According to the US Department of Justice (DOJ), it and 16 other state and district attorneys general have filed an antitrust lawsuit against Apple for “monopolization or attempted monopolization of smartphone markets.”

The suit alleges that Apple, maker of the iPhone, iPad, Apple Watch, Apple Earbuds, Macintosh PCs and more, “illegally maintains a monopoly over smartphones” and it does this by selectively imposing contractual restrictions and withholding critical access points to developers.

Because of this, the department believes that the company makes it more difficult for Americans to switch to other smartphone brands. It also undermines innovation for apps, products and services and imposes unfair costs on third-parties like developers, businesses and, of course, customers.

“Apple exercises its monopoly power to extract more money from consumers, developers, content creators, artists, publishers, small businesses, and merchants, among others.
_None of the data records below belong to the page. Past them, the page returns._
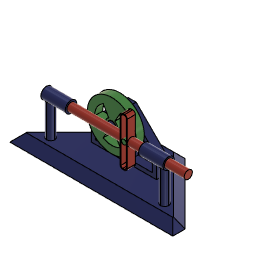
scotch yoke (Autodesk Fusion 360 design; units mm, degrees)
Autodesk Fusion 360 part; units mm, degrees
note: some values were not read from the file. Chosen so that the rebuilt part matches the saved one: which bodies a step acts on; which face or edge a step refers to; which pieces of a blend or face edit are solid. Set by a fixed rule: which sketch regions a step uses.
sketch "Base" plane through (0, 0, 0) normal (0, 0, 1) x (1, 0, 0) in component "Base"
  line L0 (10, -5) -> (-10, -5)
  line L1 (-10, -5) -> (-10, 5)
  line L2 (-10, 5) -> (10, 5)
  line L3 (10, 5) -> (10, -5)
  line L4 (10, -5) -> (-10, 5) construction
  line L5 (-10, -5) -> (10, 5) construction
  dimension "d9" = 20
  dimension "d10" = 10
  constraint horizontal L0
  constraint perpendicular L0 L1
  constraint parallel L0 L2
  constraint parallel L1 L3
  constraint coincident L4 origin
  constraint coincident L5 origin
  measures "d9" distance of L1.end L2.end
  measures "d10" distance of L0.end L1.end
extrude "Extrude1" add sketch "Base" along normal blind 1 makes body 1 in component "Base"
sketch "Crank holder" plane through (0, 0, 1) normal (0, 0, 1) x (-1, 0, 0) in component "Base"
  line L0 (-10, -5) -> (10, -5)
  line L1 (10, -5) -> (10, 5)
  line L2 (10, 5) -> (-10, 5)
  line L3 (-10, 5) -> (-10, -5)
  line L4 (0, 0) -> (4, 0)
  line L5 (4, 0) -> (4, -1)
  line L6 (4, -1) -> (0, -1)
  line L7 (0, -1) -> (0, 0)
  line L8 (-4, -1) -> (0, -1)
  line L9 (-4, 0) -> (-4, -1)
  line L10 (0, 0) -> (-4, 0)
  line L11 (-4, 0) -> (-4, 1.5) construction
  line L12 (-4, 1.5) -> (-4, 2.5) construction
  line L13 (-4, 2.5) -> (-7.5, 2.5) construction
  line L14 (-7.5, 2.5) -> (-7.5, 1.5) construction
  line L15 (-7.5, 1.5) -> (-4, 1.5) construction
  line L16 (4, 0) -> (4, 1.5) construction
  line L17 (4, 1.5) -> (4, 2.5) construction
  line L18 (4, 2.5) -> (7.5, 2.5) construction
  line L19 (7.5, 1.5) -> (4, 1.5) construction
  line L20 (7.5, 2.5) -> (7.5, 1.5) construction
  line L21 (-7.5, 1.5) -> (-6.5, 1.5)
  line L22 (-6.5, 1.5) -> (-6.5, 2.5)
  line L23 (-6.5, 2.5) -> (-7.5, 2.5)
  line L24 (-7.5, 2.5) -> (-7.5, 1.5)
  line L25 (7.5, 1.5) -> (6.5, 1.5)
  line L26 (6.5, 1.5) -> (6.5, 2.5)
  line L27 (6.5, 2.5) -> (7.5, 2.5)
  line L28 (7.5, 2.5) -> (7.5, 1.5)
  dimension "d15" = 4
  dimension "d16" = 1
  constraint horizontal L4
  constraint vertical L5
  constraint horizontal L6
  constraint vertical L7
  constraint coincident L4.start L7.end
  constraint symmetric L4.start L7 L10.start
  constraint symmetric L4.end L7 L9.start
  constraint symmetric L5.end L7 L8.start
  constraint symmetric L6.end L7 L8.end
  constraint perpendicular L10 L11
  constraint perpendicular L10 L12
  constraint perpendicular L12 L13
  constraint perpendicular L13 L14
  constraint perpendicular L12 L15
  constraint symmetric L7 L9.start L4.end
  constraint symmetric L7 L11.end L16.end
  constraint symmetric L7 L12.end L17.end
  constraint symmetric L7 L13.end L18.end
  constraint symmetric L7 L14.end L19.start
  constraint horizontal L21
  constraint vertical L22
  constraint horizontal L23
  constraint vertical L24
  constraint coincident L13 L22.end
  constraint horizontal L25
  constraint vertical L26
  constraint horizontal L27
  constraint vertical L28
  constraint coincident L18 L26.end
  measures "d15" distance of L4.start L4.end
  measures "d16" distance of L4.start L6.end
extrude "Extrude2" add sketch "Crank holder" along normal blind 6 contours L4 L5 L6 L7 | L7 L8 L9 L10 bodies 1 in component "Base"
chamfer "Chamfer1" distance 3.5 angle 45 2 edges at (4, 0.5, 7) (-4, 0.5, 7) on bodies 1 in component "Base"
sketch "Crank pin" plane through (0, 0, 0) normal (0, -1, 0) x (1, 0, 0) in component "Base"
  line L0 (-0.5, 7) -> (-4, 3.5)
  line L1 (-4, 3.5) -> (-4, 1)
  line L2 (-4, 1) -> (4, 1)
  line L3 (4, 1) -> (4, 3.5)
  line L4 (4, 3.5) -> (0.5, 7)
  line L5 (0.5, 7) -> (-0.5, 7)
  circle A0 centre (0, 5.5) radius 0.5
  line L6 (0, 5.5) -> (0, 1) construction
  dimension "d20" = 1
  constraint coincident A0.centre L6.start
  constraint midpoint L2 L6.end
  constraint perpendicular L2 L6
  measures "d20" diameter of A0
extrude "Extrude3" add sketch "Crank pin" along normal blind 1.5 contours A0 bodies 1 in component "Base"
extrude "Extrude4" add sketch "Crank holder" along normal blind 4.5 contours L21 L22 L23 L24 | L25 L26 L27 L28 bodies 1 in component "Base"
sketch "Crank" plane through (0, 0, 0) normal (0, -1, 0) x (1, 0, 0) in component "Crank"
  circle A0 centre (0, 5.5) radius 0.5
  line L0 (-0.5, 7) -> (-4, 3.5)
  line L1 (-4, 3.5) -> (-4, 1)
  line L2 (-4, 1) -> (4, 1)
  line L3 (4, 1) -> (4, 3.5)
  line L4 (4, 3.5) -> (0.5, 7)
  line L5 (0.5, 7) -> (-0.5, 7)
  circle A1 centre (0, 5.5) radius 3
  dimension "d25" = 6
  constraint concentric A0 A1
  measures "d25" diameter of A1
extrude "Extrude1'" add sketch "Crank" along normal blind 1.5 and the other way blind -0.5 separate body contours L0 L4 L5 A1 | L0 L4 L5 A1 makes body 2 in component "Crank"
sketch "holder" plane through (0, -0.5, 0) normal (0, 1, 0) x (-1, 0, 0) in component "Crank"
  circle A0 centre (0, 5.5) radius 0.5
  circle A1 centre (0, 5.5) radius 3
  circle A2 centre (0, 5.5) radius 0.5996
  dimension "d30" = 0.0996
extrude "Extrude2'" add sketch "holder" along normal blind 0.5 contours A2 bodies 2 in component "Crank"
move_face "OffsetFaces1" offset -0.02 1 faces at (0.4975, -1.1667, 5.4502) on bodies 2 in component "Crank"
sketch "pin" plane through (0, -1.5, 0) normal (0, -1, 0) x (1, 0, 0) in component "Crank"
  circle A0 centre (0, 5.5) radius 0.52
  circle A1 centre (0, 5.5) radius 3
  line L0 (0, 5.5) -> (3, 5.5) construction
  circle A2 centre (2.4981, 5.5) radius 0.25
  dimension "d34" = 0.5
  constraint coincident A0.centre A1.centre
  constraint coincident A1 L0.end
  constraint horizontal L0
  constraint coincident L0 A2.centre
  measures "d34" diameter of A2
extrude "Extrude3'" add sketch "pin" along normal blind 1 contours A2 bodies 2 in component "Crank"
sketch "slider" plane through (0, -1.5, 0) normal (0, -1, 0) x (1, 0, 0) in component "Slider"
  circle A0 centre (2.4981, 5.5) radius 0.25
  circle A1 centre (0, 5.5) radius 0.52
  circle A2 centre (0, 5.5) radius 3
  line L0 (2.6081, 8.36) -> (2.3881, 8.36)
  line L1 (2.1681, 8.14) -> (2.1681, 2.86)
  line L2 (2.3881, 2.64) -> (2.6081, 2.64)
  line L3 (2.8281, 2.86) -> (2.8281, 8.14)
  line L4 (2.8281, 8.36) -> (2.1681, 2.64) construction
  line L5 (2.1681, 8.36) -> (2.8281, 2.64) construction
  arc A3 (2.3881, 8.36) -> (2.1681, 8.14) centre (2.3881, 8.14) ccw
  arc A4 (2.8281, 8.14) -> (2.6081, 8.36) centre (2.6081, 8.14) ccw
  arc A5 (2.6081, 2.64) -> (2.8281, 2.86) centre (2.6081, 2.86) ccw
  arc A6 (2.1681, 2.86) -> (2.3881, 2.64) centre (2.3881, 2.86) ccw
  line L6 (2.3881, 2.53) -> (2.6081, 2.53)
  arc A7 (2.6081, 2.53) -> (2.9381, 2.86) centre (2.6081, 2.86) ccw
  line L7 (2.9381, 2.86) -> (2.9381, 8.14)
  arc A8 (2.9381, 8.14) -> (2.6081, 8.47) centre (2.6081, 8.14) ccw
  line L8 (2.6081, 8.47) -> (2.3881, 8.47)
  arc A9 (2.3881, 8.47) -> (2.0581, 8.14) centre (2.3881, 8.14) ccw
  line L9 (2.0581, 8.14) -> (2.0581, 2.86)
  arc A10 (2.0581, 2.86) -> (2.3881, 2.53) centre (2.3881, 2.86) ccw
  point P0 (2.4981, 5.5)
  constraint horizontal L0
  constraint perpendicular L0 L1
  constraint parallel L0 L2
  constraint parallel L1 L3
  constraint coincident L4 P0
  constraint coincident L5 P0
  constraint coincident P0 A0.centre
  constraint coincident L5.start L1
  constraint coincident L5.start L0
  constraint tangent L1 A3
  constraint tangent L0 A3
  constraint coincident L4.start L0
  constraint coincident L4.start L3
  constraint tangent L0 A4
  constraint tangent L3 A4
  constraint equal A3 A4
  constraint coincident L5.end L3
  constraint coincident L5.end L2
  constraint tangent L3 A5
  constraint tangent L2 A5
  constraint equal A3 A5
  constraint coincident L4.end L1
  constraint coincident L4.end L2
  constraint tangent L1 A6
  constraint tangent L2 A6
  constraint equal A3 A6
  constraint parallel L2 L6
  constraint concentric A5 A7
  constraint parallel L3 L7
  constraint concentric A4 A8
  constraint parallel L0 L8
  constraint concentric A3 A9
  constraint parallel L1 L9
  constraint concentric A6 A10
  constraint tangent L6 A10
  constraint tangent L6 A7
  constraint tangent A7 L7
  constraint tangent L9 A10
  constraint tangent L7 A8
  constraint tangent A8 L8
  constraint tangent L8 A9
  constraint tangent A9 L9
extrude "Extrude1''" add sketch "slider" along normal blind 1 and the other way blind 0 separate body contours A2 L3 L7 | A2 L0 L1 L3 A3 A4 L7 A8 L8 A9 L9 | A2 L1 L2 L3 A5 A6 L6 A7 L7 L9 A10 | A2 L1 L9 makes body 3 in component "Slider"
sketch "pistons" plane through (2.9381, 0, 0) normal (1, 0, 0) x (0, 1, 0) in component "Slider"
  line L0 (-1.5, 2.86) -> (-1.5, 8.14)
  line L1 (-1.5, 8.14) -> (-2.5, 8.14)
  line L2 (-2.5, 8.14) -> (-2.5, 2.86)
  line L3 (-2.5, 2.86) -> (-1.5, 2.86)
  line L4 (-2, 8.14) -> (-2, 2.86) construction
  circle A0 centre (-2, 5.5) radius 0.5
  dimension "d49" = 1
  constraint midpoint L1 L4.start
  constraint midpoint L3 L4.end
  constraint midpoint L4 A0.centre
  measures "d49" diameter of A0
extrude "Extrude2''" add sketch "pistons" along normal blind 5 contours A0 bodies 3 in component "Slider"
extrude "Extrude3''" add sketch "pistons" along normal blind -0.7 and the other way blind 5.7 contours A0 bodies 3 in component "Slider"
sketch "piston holder" plane through (7.5, 0, 0) normal (1, 0, 0) x (0, 1, 0) in component "Base"
  line L0 (-2.5, 1) -> (-1.5, 1)
  line L1 (-1.5, 1) -> (-1.5, 5.5)
  line L2 (-1.5, 5.5) -> (-2.5, 5.5)
  line L3 (-2.5, 5.5) -> (-2.5, 1)
  circle A0 centre (-2, 5.5) radius 0.5
  circle A1 centre (-2, 5.5) radius 0.7
  dimension "d56" = 1
  dimension "d57" = 0.2
  constraint midpoint L2 A0.centre
  measures "d56" diameter of A0
extrude "Extrude5" cut sketch "piston holder" against normal blind 1 contours L2 A0 | L2 A0 bodies 1 in component "Base"
extrude "Extrude6" add sketch "piston holder" along normal blind 0 and the other way blind 1 contours L1 L3 A0 A1 | L1 L3 A0 A1 bodies 1 in component "Base"
move_face "OffsetFaces1'" offset -0.03 1 faces at (6.8333, -2.4975, 5.5498) on bodies 1 in component "Base"
extrude "Extrude7" cut sketch "piston holder" against normal blind 15 contours L2 A0 | L2 A0 bodies 1 in component "Base"
extrude "Extrude8" add sketch "piston holder" along normal blind -15 and the other way blind 14 contours L1 L3 A0 A1 | L1 L3 A0 A1 bodies 1 in component "Base"
extrude "Extrude4'" cut 1 faces at (2.2381, -1.8165, 5.3449) along direction (-1, 0, 0) blind 0.07 on bodies 3 bodies 3 in component "Slider"
extrude "Extrude5'" add 1 faces at (-2.7619, -2.1035, 5.7933) along direction (-1, 0, 0) blind 0.07 on bodies 3 bodies 3 in component "Slider"
sketch "extend holder left" plane through (-6.5, 0, 0) normal (1, 0, 0) x (0, 1, 0) in component "Base"
  circle A0 centre (-2, 5.5) radius 0.5
  arc A1 (-1.5, 5.0101) -> (-2.5, 5.0101) centre (-2, 5.5) ccw
  line L0 (-2.5, 5.0101) -> (-2.5, 1)
  line L1 (-2.5, 1) -> (-1.5, 1)
  line L2 (-1.5, 1) -> (-1.5, 5.0101)
  circle A2 centre (-2, 5.5) radius 0.5
  circle A3 centre (-2, 5.5) radius 0.7
  constraint concentric A0 A2
  constraint concentric A2 A3
extrude "Extrude9" add sketch "extend holder left" along normal blind 2 contours A1 A3 bodies 1 in component "Base"
sketch "extend holder right" plane through (6.5, 0, 0) normal (-1, 0, 0) x (0, -1, 0) in component "Base"
  circle A0 centre (2, 5.5) radius 0.53
  arc A1 (2.5, 5.0101) -> (1.5, 5.0101) centre (2, 5.5) ccw
  line L0 (1.5, 5.0101) -> (1.5, 1)
  line L1 (1.5, 1) -> (2.5, 1)
  line L2 (2.5, 1) -> (2.5, 5.0101)
  circle A2 centre (2, 5.5) radius 0.53
  circle A3 centre (2, 5.5) radius 0.7
  constraint concentric A0 A2
  constraint concentric A2 A3
extrude "Extrude10" add sketch "extend holder right" along normal blind 2 contours A1 A3 bodies 1 in component "Base"
extrude "Extrude6'" add 1 faces at (7.9381, -1.8165, 5.3449) along direction (1, 0, 0) blind 2 on bodies 3 bodies 3 in component "Slider"
extrude "Extrude7'" add 1 faces at (-2.8319, -2.1035, 5.7933) along direction (-1, 0, 0) blind 2 on bodies 3 bodies 3 in component "Slider"
move_face "OffsetFaces2" offset 0.05 1 faces at (2.7478, -2.1667, 5.4875) on bodies 2 in component "Crank"
sketch "remove extra material" plane through (0, -1.5, 0) normal (0, -1, 0) x (1, 0, 0) in component "Crank"
  circle A0 centre (2.4981, 5.5) radius 0.3
  circle A1 centre (0, 5.5) radius 0.52
  circle A2 centre (0, 5.5) radius 3
  circle A3 centre (0, 5.5) radius 2.1
  line L0 (0, 5.5) -> (0, 7.6) construction
  line L1 (0.375, 6.1495) -> (1.05, 7.3187)
  line L2 (-0.75, 5.5) -> (-2.1, 5.5)
  line L3 (0.75, 5.5) -> (2.1, 5.5)
  line L4 (0.375, 4.8505) -> (1.05, 3.6813)
  circle A4 centre (0, 5.5) radius 0.75
  line L5 (-0.375, 6.1495) -> (-1.05, 7.3187)
  line L6 (-0.375, 4.8505) -> (-1.05, 3.6813)
  dimension "d89" = 30
  dimension "d92" = 1.5
  constraint concentric A1 A3
  constraint coincident A1.centre A2.centre
  constraint coincident A3 L0.end
  constraint vertical L0
  constraint coincident A3 L1.end
  constraint coincident A3 L5.end
  constraint concentric A3 A4
  constraint coincident A4 L5.start
  constraint coincident A4 L2.start
  constraint coincident A4 L6.start
  constraint coincident A4 L1.start
  constraint coincident A4 L4.start
  constraint coincident A4 L3.start
  measures "d89" angle of L0 L1
  measures "d92" diameter of A4
extrude "Extrude4''" cut sketch "remove extra material" against normal blind 1 contours A3 L1 L3 A4 | A3 L4 A4 L6 | A3 L2 A4 L5 bodies 2 in component "Crank"
fillet "Fillet1" radius 0.49 4 edges at (-7.5, -2.5, 3.0051) (-7.5, -1.5, 3.0051) (-6.5, -2.5, 3.0051) (-6.5, -1.5, 3.0051) on bodies 1 in component "Base"
fillet "Fillet2" radius 0.49 4 edges at (6.5, -1.5, 3.0051) (6.5, -2.5, 3.0051) (7.5, -2.5, 3.0051) (7.5, -1.5, 3.0051) on bodies 1 in component "Base"
sketch "remove extra material (2)" plane through (0, 1, 0) normal (0, 1, 0) x (-1, 0, 0) in component "Base"
  line L0 (4, 3.5) -> (0.5, 7)
  line L1 (0.5, 7) -> (-0.5, 7)
  line L2 (-0.5, 7) -> (-4, 3.5)
  line L3 (-4, 3.5) -> (-4, 1)
  line L4 (-4, 1) -> (4, 1)
  line L5 (4, 1) -> (4, 3.5)
  line L6 (-3.5, 1.5) -> (3.5, 1.5)
  line L7 (3.5, 1.5) -> (3.5, 3.2929)
  line L8 (3.5, 3.2929) -> (0.2929, 6.5)
  line L9 (0.2929, 6.5) -> (-0.2929, 6.5)
  line L10 (-0.2929, 6.5) -> (-3.5, 3.2929)
  line L11 (-3.5, 3.2929) -> (-3.5, 1.5)
  circle A0 centre (0, 5.5) radius 0.75
  line L12 (-0.75, 6.0429) -> (-0.75, 1.5)
  line L13 (0.75, 6.0429) -> (0.75, 1.5)
  dimension "d99" = -0.5
  dimension "d100" = 1.5
  constraint coincident L10 L12.start
  constraint coincident L6 L12.end
  constraint perpendicular L6 L12
  constraint coincident L8 L13.start
  constraint coincident L6 L13.end
  constraint perpendicular L6 L13
  constraint tangent A0 L12
  constraint tangent A0 L13
  measures "d100" diameter of A0
extrude "Extrude11" cut sketch "remove extra material (2)" against normal blind 1 contours L6 L10 L11 L12 | L6 L7 L8 L13 bodies 1 in component "Base"
split "Split1" by plane through (0, 0, 1) normal (0, 0, 1) bodies 1 makes body 4 at (-5.8333, -2.4994, 5.4751) makes body 5 at (-0.25, 1, 4.5286) makes body 6 at (6.1667, -1.4471, 5.0707) in component "Base"
combine "Combine1" operation add target body 1 tool bodies 5 in component "Base"
extrude "Extrude12" cut 2 faces at (-7.1667, -1.9967, 1) (6.8333, -1.9967, 1) along direction (0, 0, -1) blind 0.8 on bodies 4 6 bodies 1 in component "Base"
extrude "Extrude13" add 2 faces at (6.8333, -1.9967, 1) (-7.1667, -1.9967, 1) along direction (0, 0, -1) blind 0.8 on bodies 4 6 bodies 6 4 in component "Base"
copy_body "CutPasteBodies1" bodies 4 removing the originals makes body 7 in component "Piston Holders"
copy_body "CutPasteBodies2" bodies 6 removing the originals makes body 8 in component "Piston Holders"
chamfer "Chamfer2" distance 7.5 angle 45 2 edges at (10, 5, 0.5) (-10, 5, 0.5) on bodies 1 in component "Base"
move_face "OffsetFaces2'" offset -1 1 faces at (3.3333, -5, 0.3333) on bodies 1 in component "Base"
chamfer "Chamfer3" distance 1 angle 45 6 edges at (6.25, 1.25, 1) (0, 5, 1) (-6.25, 1.25, 1) (-10, -3.25, 1) (0, -4, 1) (10, -3.25, 1) on bodies 1 in component "Base"
component "Base" placed x (1, 0, 0) y (0, 1, 0) z (0, 0, 1) at (0, 0, 0)
component "Crank" placed x (0.929776, 0, -0.368125) y (0, 1, 0) z (0.368125, 0, 0.929776) at (-2.0247, 0, 0.3862)
component "Slider" placed x (1, 0, 0) y (0, 1, 0) z (0, 0, 1) at (-0.1454, 0, 0)
component "Piston Holders" placed x (1, 0, 0) y (0, 1, 0) z (0, 0, 1) at (0, 0, 0)
named bodies: "base", "crank", "base (1)", "base (2)", "base (3)", "left", "right"

Through this monopolization lawsuit, the Justice Department and state Attorneys General are seeking relief to restore competition to these vital markets on behalf of the American public,” the DOJ says.

“We allege that Apple has maintained monopoly power in the smartphone market, not simply by staying ahead of the competition on the merits, but by violating federal antitrust law,” added Attorney General Merrick B. Garland.

“For years, Apple responded to competitive threats by imposing a series of ‘Whac-A-Mole’ contractual rules and restrictions that have allowed Apple to extract higher prices from consumers, impose higher fees on developers and creators, and to throttle competitive alternatives from rival technologies,” said Assistant Attorney General Jonathan Kanter of the Justice Department’s Antitrust Division.

The attorneys general are looking to hold the company accountable, and the suit is looking to stop the Cupertino firm from “using its control of app distribution to undermine cross-platform technologies such as super apps and cloud streaming apps,” as well as from “using the terms and conditions of its contracts with developers, accessory makers, consumers, or others to obtain, maintain, extend, or entrench a monopoly,” among other things.

In an official response to the launch of the suit, Apple said that if successful, it would “hinder our ability to create the kind of technology people expect from Apple—where hardware, software, and services intersect” and it would “set a dangerous precedent, empowering government to take a heavy hand in designing people’s technology.”

The United States government has recently turned a more critical eye to large tech firms operating in the country. Earlier in March, social media firm TikTok was looking for buyers in the states in order to avoid a nationwide ban that could be implemented if a bill to remove the Chinese-owned company is signed into law.

While the TikTok ban represents the US seeking to, what lawmakers believe, protect itself from foreign influence through social media, the Apple lawsuit alleges protection from a local firm that is imposing an unfair monopoly in the market. Apple joins Google in the crosshairs of the DOJ this year, as the body is set to take Google to court over its digital advertising methods in the next few months.